While we had a way to protect the data in transit for a while now with TLS and end-to-end encryption, but also data storage encryption (mostly using a KMS or the TPM-based application such as bitlocker), securing runtime execution was never a simple process.
Protecting runtime execution is always a hustle. It's a combination of code coverage, dynamic analysis, virtualization and encryption. In a normal architecture, when we own the hardware we are working on (or trust it for that matter), it is acceptable to employ the well established protections, by hardening known operating systems, applying isolation and so on. However, with other use-cases, from multi-party computation to cloud computing (if we suppose that there is a trust constraint that is not satisfied), is it crucial to be able to know exactly what is inside the remote server, that it is isolated and running the right computation that we expect.
In a nutshell, Confidential Computing is a Privacy-enhancing Technology for protecting data in use. Combined with added network and storage encryption, it also protects data at rest (through Sealing) and data in transit (TLS connection attested with Remote attestation).
Trusted Computing ​
Before talking about Confidential Computing, let's review trusted computing first.

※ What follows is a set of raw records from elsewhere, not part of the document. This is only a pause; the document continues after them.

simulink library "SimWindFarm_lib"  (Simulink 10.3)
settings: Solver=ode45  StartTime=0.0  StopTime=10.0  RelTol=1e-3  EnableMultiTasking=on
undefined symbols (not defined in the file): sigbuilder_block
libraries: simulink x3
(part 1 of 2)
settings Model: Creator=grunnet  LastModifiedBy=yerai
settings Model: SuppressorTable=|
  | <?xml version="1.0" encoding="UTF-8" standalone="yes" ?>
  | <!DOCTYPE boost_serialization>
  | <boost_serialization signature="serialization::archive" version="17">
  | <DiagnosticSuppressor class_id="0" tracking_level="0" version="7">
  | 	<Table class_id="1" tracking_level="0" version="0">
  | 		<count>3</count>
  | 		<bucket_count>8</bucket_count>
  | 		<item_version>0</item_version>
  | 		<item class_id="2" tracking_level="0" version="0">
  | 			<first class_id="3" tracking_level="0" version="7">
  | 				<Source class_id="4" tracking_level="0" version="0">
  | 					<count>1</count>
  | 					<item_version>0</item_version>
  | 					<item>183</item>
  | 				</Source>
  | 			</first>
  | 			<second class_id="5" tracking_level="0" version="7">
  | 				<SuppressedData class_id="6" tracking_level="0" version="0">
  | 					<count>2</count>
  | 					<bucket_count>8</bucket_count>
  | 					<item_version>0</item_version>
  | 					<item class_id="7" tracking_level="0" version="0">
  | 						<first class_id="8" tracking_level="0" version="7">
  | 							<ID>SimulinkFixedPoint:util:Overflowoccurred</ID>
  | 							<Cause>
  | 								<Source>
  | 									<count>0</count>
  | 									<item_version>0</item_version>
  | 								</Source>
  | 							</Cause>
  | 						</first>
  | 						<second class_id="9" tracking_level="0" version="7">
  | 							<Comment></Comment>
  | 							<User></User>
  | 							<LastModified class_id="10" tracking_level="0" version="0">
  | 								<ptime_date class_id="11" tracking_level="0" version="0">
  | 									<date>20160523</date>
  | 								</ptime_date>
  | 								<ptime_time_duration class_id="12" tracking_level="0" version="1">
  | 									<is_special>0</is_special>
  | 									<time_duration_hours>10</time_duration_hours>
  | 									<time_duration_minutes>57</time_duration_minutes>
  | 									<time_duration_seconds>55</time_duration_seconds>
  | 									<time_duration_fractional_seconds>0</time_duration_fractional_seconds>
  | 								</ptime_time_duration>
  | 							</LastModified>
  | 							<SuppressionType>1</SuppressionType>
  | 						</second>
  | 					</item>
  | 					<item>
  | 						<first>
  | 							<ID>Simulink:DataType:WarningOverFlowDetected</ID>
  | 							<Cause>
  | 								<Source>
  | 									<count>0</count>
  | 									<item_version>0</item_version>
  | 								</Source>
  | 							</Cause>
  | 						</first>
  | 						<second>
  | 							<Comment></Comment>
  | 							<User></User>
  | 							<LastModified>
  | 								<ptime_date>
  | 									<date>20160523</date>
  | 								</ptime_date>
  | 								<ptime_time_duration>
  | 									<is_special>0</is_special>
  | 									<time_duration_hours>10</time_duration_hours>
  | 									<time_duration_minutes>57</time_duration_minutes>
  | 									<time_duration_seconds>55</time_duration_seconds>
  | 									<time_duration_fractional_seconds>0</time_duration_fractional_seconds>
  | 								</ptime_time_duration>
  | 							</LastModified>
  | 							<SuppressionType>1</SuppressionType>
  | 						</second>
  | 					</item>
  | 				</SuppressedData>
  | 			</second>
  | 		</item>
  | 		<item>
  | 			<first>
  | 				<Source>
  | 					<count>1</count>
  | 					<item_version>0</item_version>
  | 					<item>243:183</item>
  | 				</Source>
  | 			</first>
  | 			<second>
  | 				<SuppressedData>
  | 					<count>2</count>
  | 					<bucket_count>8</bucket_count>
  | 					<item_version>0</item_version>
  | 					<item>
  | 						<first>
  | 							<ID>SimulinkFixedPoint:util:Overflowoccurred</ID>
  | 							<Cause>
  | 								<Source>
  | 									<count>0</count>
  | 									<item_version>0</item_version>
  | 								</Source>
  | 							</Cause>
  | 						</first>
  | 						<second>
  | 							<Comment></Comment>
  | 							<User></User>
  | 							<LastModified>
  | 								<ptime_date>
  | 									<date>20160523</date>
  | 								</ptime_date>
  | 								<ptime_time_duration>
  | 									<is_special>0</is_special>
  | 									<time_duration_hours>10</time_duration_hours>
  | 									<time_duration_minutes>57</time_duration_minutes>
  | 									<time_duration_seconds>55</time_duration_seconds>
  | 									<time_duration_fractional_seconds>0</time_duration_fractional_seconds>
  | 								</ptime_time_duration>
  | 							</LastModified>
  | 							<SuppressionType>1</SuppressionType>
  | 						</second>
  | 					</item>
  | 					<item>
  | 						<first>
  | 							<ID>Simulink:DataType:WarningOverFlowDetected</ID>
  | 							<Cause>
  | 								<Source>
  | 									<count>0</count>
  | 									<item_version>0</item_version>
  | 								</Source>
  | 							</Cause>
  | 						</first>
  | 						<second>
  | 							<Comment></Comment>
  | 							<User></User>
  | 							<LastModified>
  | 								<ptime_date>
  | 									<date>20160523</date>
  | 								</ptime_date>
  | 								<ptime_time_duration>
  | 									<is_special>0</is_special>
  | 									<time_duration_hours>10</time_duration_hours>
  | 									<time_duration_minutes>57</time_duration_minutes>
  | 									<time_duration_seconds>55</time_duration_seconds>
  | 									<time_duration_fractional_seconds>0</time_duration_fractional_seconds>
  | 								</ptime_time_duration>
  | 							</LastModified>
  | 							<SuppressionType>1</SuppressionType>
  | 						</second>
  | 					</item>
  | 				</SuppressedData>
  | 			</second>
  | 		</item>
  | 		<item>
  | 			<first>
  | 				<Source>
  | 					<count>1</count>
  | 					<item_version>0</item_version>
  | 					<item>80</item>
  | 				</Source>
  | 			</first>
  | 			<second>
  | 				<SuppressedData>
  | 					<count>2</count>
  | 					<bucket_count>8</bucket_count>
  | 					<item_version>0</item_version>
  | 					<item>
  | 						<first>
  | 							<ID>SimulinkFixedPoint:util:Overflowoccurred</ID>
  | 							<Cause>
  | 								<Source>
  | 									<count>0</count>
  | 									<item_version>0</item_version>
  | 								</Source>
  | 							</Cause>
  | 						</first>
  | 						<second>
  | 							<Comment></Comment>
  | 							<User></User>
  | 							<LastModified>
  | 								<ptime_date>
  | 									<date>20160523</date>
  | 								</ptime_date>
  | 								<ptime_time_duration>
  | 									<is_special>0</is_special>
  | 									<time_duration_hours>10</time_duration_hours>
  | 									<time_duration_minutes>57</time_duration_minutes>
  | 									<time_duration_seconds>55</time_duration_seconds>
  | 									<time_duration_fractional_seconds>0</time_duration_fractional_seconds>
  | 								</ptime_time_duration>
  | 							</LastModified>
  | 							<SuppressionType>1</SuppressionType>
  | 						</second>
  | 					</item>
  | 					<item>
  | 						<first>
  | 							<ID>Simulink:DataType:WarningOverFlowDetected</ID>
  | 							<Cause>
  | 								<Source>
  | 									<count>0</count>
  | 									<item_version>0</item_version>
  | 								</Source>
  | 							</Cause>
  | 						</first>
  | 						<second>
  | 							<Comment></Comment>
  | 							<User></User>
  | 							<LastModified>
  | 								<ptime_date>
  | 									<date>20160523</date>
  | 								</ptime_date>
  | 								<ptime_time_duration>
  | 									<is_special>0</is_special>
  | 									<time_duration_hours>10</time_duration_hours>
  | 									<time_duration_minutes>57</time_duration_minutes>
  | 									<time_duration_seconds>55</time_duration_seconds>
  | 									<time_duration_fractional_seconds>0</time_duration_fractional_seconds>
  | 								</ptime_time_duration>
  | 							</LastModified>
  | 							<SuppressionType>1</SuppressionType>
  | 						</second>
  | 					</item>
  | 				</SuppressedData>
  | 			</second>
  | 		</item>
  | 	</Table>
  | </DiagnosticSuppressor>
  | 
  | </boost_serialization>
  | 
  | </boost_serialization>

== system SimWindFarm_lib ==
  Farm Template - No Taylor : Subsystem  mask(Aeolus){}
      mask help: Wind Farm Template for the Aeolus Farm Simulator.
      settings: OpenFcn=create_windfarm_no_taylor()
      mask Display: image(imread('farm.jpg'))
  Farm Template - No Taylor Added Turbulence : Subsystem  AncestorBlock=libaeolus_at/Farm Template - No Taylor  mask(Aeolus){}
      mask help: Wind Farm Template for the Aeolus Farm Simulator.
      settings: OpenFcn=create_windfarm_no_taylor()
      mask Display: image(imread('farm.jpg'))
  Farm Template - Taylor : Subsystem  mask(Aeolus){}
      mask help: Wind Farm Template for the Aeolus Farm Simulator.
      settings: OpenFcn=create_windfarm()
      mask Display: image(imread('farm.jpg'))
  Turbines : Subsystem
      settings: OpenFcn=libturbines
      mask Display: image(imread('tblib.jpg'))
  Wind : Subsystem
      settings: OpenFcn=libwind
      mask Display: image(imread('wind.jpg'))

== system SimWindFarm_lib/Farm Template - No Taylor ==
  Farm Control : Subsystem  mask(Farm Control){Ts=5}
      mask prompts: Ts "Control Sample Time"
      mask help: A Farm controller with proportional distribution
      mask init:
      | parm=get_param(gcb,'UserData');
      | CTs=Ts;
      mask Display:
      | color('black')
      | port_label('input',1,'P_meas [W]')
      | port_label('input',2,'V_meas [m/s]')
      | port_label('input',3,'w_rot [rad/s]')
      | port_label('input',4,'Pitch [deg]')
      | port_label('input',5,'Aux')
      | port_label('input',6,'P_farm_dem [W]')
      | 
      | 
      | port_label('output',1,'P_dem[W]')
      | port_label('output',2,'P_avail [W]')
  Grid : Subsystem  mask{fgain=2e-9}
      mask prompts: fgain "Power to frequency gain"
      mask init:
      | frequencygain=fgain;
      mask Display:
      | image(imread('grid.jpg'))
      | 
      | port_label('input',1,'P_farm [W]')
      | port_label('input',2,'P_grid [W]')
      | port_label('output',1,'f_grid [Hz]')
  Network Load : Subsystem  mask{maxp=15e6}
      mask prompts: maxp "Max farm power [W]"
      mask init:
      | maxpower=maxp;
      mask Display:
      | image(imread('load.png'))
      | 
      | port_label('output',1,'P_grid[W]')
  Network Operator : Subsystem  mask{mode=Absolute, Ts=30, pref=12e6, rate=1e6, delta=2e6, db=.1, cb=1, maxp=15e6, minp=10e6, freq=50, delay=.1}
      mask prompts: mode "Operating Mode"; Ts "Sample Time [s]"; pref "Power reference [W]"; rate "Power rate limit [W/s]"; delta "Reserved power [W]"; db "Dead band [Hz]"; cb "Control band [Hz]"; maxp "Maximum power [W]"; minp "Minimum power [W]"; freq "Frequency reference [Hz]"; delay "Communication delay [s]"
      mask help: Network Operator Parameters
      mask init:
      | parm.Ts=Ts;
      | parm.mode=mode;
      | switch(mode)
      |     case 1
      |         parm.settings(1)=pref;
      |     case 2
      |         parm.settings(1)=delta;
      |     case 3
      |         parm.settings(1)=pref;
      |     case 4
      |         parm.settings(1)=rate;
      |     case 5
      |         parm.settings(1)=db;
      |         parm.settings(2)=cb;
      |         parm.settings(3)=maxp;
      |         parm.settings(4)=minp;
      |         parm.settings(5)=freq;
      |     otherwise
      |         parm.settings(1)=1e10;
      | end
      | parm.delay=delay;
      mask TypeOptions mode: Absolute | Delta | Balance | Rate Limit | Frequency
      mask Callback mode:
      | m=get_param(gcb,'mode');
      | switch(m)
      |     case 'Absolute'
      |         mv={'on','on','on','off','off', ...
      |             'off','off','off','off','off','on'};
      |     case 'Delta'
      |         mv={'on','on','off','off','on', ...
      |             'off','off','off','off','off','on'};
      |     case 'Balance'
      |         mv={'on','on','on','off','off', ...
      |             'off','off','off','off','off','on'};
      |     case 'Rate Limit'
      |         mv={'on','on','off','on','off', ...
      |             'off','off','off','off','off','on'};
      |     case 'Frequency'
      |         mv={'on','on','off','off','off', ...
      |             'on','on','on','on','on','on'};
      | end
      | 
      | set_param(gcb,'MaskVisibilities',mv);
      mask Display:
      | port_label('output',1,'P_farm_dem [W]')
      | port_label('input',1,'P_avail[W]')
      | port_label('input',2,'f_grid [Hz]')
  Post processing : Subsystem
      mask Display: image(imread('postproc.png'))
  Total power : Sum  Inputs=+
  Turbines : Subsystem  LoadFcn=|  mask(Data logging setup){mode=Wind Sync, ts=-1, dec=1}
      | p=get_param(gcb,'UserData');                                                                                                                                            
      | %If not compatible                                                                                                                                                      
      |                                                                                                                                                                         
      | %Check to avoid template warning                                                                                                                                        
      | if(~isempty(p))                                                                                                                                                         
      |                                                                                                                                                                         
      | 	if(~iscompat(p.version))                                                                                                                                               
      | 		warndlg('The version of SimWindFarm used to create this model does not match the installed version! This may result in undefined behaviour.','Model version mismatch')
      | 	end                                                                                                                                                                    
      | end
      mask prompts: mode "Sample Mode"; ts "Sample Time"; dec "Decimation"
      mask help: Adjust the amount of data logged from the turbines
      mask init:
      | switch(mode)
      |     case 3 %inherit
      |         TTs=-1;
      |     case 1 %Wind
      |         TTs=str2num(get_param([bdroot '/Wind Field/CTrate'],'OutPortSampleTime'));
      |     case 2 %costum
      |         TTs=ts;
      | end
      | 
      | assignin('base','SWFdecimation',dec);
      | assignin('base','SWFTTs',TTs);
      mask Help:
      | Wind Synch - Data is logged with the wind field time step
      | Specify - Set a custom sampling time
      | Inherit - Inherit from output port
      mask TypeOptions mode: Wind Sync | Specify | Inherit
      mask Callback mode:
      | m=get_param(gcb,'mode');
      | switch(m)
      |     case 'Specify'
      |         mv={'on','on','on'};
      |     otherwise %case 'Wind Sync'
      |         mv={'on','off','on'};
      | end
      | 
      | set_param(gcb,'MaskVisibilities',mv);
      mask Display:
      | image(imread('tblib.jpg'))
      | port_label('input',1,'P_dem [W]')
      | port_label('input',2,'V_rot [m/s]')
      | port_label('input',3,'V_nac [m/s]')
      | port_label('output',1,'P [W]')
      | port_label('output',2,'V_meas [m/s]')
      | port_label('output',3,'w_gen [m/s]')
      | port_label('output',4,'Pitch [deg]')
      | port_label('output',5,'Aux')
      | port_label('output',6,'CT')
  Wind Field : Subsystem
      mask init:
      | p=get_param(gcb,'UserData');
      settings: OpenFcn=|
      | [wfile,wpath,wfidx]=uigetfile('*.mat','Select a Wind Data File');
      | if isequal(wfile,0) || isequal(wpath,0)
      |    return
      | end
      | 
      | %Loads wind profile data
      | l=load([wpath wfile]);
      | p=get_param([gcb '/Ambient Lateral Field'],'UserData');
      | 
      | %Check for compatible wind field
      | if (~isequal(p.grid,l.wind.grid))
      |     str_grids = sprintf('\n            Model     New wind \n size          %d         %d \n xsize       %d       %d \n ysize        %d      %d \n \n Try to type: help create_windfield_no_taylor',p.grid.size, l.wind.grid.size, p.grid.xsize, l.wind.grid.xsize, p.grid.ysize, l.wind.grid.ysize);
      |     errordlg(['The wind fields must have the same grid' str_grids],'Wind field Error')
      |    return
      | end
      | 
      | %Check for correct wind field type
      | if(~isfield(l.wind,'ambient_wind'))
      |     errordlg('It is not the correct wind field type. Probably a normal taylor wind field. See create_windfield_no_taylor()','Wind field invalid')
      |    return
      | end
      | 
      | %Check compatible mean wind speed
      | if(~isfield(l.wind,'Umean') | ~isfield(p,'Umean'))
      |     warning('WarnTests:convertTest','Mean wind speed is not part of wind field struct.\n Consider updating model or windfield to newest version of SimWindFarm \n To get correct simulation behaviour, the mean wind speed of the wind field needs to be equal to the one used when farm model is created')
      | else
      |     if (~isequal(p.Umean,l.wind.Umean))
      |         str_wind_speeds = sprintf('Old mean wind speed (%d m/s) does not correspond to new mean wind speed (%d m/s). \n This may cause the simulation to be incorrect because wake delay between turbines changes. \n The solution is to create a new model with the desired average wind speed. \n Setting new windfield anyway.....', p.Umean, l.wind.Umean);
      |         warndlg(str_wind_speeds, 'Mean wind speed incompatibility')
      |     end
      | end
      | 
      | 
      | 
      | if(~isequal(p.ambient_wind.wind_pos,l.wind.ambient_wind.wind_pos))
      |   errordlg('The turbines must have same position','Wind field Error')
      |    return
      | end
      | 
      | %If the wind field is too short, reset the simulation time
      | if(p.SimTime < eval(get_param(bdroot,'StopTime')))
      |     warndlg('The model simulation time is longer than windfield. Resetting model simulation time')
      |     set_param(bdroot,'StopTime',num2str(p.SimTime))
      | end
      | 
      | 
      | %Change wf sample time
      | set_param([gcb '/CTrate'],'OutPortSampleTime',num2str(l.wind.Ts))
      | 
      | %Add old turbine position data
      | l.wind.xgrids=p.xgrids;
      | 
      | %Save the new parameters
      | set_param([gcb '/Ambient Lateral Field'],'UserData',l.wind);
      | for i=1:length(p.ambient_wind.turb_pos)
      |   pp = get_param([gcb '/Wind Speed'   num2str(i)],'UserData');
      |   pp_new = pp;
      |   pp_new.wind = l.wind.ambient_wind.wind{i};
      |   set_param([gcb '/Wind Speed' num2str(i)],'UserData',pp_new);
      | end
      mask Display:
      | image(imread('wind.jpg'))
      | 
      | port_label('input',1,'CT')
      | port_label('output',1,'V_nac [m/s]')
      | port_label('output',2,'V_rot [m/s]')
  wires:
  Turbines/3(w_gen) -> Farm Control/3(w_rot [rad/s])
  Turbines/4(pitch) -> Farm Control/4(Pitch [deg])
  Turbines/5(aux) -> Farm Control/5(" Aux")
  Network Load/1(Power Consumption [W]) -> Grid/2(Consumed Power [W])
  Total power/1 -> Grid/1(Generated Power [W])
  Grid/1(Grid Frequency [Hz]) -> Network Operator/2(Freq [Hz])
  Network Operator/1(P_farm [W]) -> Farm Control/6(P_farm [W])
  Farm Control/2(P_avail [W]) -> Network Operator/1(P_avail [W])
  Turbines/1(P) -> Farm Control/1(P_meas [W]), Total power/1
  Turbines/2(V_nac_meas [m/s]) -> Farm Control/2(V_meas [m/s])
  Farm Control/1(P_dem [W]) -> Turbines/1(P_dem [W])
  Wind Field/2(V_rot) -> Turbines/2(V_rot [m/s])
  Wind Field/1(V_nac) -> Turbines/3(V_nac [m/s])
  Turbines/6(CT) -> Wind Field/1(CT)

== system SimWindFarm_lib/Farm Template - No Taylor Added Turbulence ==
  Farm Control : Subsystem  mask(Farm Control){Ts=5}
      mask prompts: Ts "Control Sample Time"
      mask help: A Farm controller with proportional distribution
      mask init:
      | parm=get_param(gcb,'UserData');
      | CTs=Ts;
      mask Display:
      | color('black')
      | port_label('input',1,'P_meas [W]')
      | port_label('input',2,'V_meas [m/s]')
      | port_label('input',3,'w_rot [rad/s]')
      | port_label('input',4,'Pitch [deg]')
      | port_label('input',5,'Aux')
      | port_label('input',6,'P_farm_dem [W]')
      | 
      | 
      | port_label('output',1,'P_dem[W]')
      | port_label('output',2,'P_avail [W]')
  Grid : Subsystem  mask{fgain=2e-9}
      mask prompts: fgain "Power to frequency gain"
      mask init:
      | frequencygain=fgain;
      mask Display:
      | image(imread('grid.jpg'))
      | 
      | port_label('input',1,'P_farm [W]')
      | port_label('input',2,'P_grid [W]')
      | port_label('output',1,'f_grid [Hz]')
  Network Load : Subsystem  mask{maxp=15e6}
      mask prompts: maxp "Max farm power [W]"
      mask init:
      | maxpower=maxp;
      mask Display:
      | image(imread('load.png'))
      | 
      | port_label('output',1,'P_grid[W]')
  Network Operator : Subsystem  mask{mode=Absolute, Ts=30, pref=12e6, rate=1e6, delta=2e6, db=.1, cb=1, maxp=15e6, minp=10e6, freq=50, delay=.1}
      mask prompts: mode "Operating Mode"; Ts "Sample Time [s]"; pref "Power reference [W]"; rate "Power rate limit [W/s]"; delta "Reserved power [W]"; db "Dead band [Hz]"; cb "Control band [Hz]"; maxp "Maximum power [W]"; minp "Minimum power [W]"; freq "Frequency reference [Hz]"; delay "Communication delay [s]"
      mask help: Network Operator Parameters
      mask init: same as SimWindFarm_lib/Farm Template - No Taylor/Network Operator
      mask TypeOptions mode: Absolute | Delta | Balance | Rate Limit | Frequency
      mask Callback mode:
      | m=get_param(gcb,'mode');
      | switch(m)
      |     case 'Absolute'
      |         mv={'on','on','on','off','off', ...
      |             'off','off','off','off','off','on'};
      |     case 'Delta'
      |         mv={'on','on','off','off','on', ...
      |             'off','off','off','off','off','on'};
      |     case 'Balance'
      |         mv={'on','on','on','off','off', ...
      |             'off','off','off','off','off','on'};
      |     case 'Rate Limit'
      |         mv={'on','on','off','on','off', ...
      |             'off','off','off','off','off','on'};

Largely initialized and developed by the Trusting Computing Group, Truted Platform Modules (famously known as TPMs) are the backbone of trusted computing.
One thing to note is that trusted computing is different from Confidential Computing.
TPMs ​
TPMs can be defined as secure processors. While they don't have a isolated and protected environment to launch applications such as TEEs, they can be used to verify the integrity of the platform, encrypt disk, manage secret keys, etc...
Why include TPMs in a Confidential Computing guide ​
Some TEEs (e.g. AMD SEV-SNP, TDX) can use vTPMs (virtual TPMs - explained on the TPMs section) for remote attestation and runtime measurements.
Trusted Execution Environments (TEEs) ​
Trusted Execution Environments (TEEs), sometimes referred to as enclaves, are special environments that physically or virtually isolated, and where the runtime execution is encrypted (which means that the memory layout could be encrypted and not readable by the host even at a higher ring privileges).
The notion of Trusted Computing Base (TCB) ​
The Truted Computing Base (TCB) defines the components that needs to be defined as trusted. It is a security design requirement.
As an example, for an application in a normal environment, the TCB includes the hardware, firmware, hypervisor, operating system, devices, software... and then the application itself.
The TCB for TEEs is by design reduced to the minimal possible. SGX for example, the TCB will be the hardware and the enclave itself.
Types of TEEs implementations ​
There is multiple TEEs implementations.
Intel has two different ones SGX (hardware-based protection) and TDX (Virtualized). AMD, only has a virtualized implementation (similar to TDX) called AMD SEV-SNP. ARM also has ARM CCA which is related to ARM TrustZone protection.
There is other TEEs implementations by IBM, RISC-V and others which will not be discussed here (at least for now).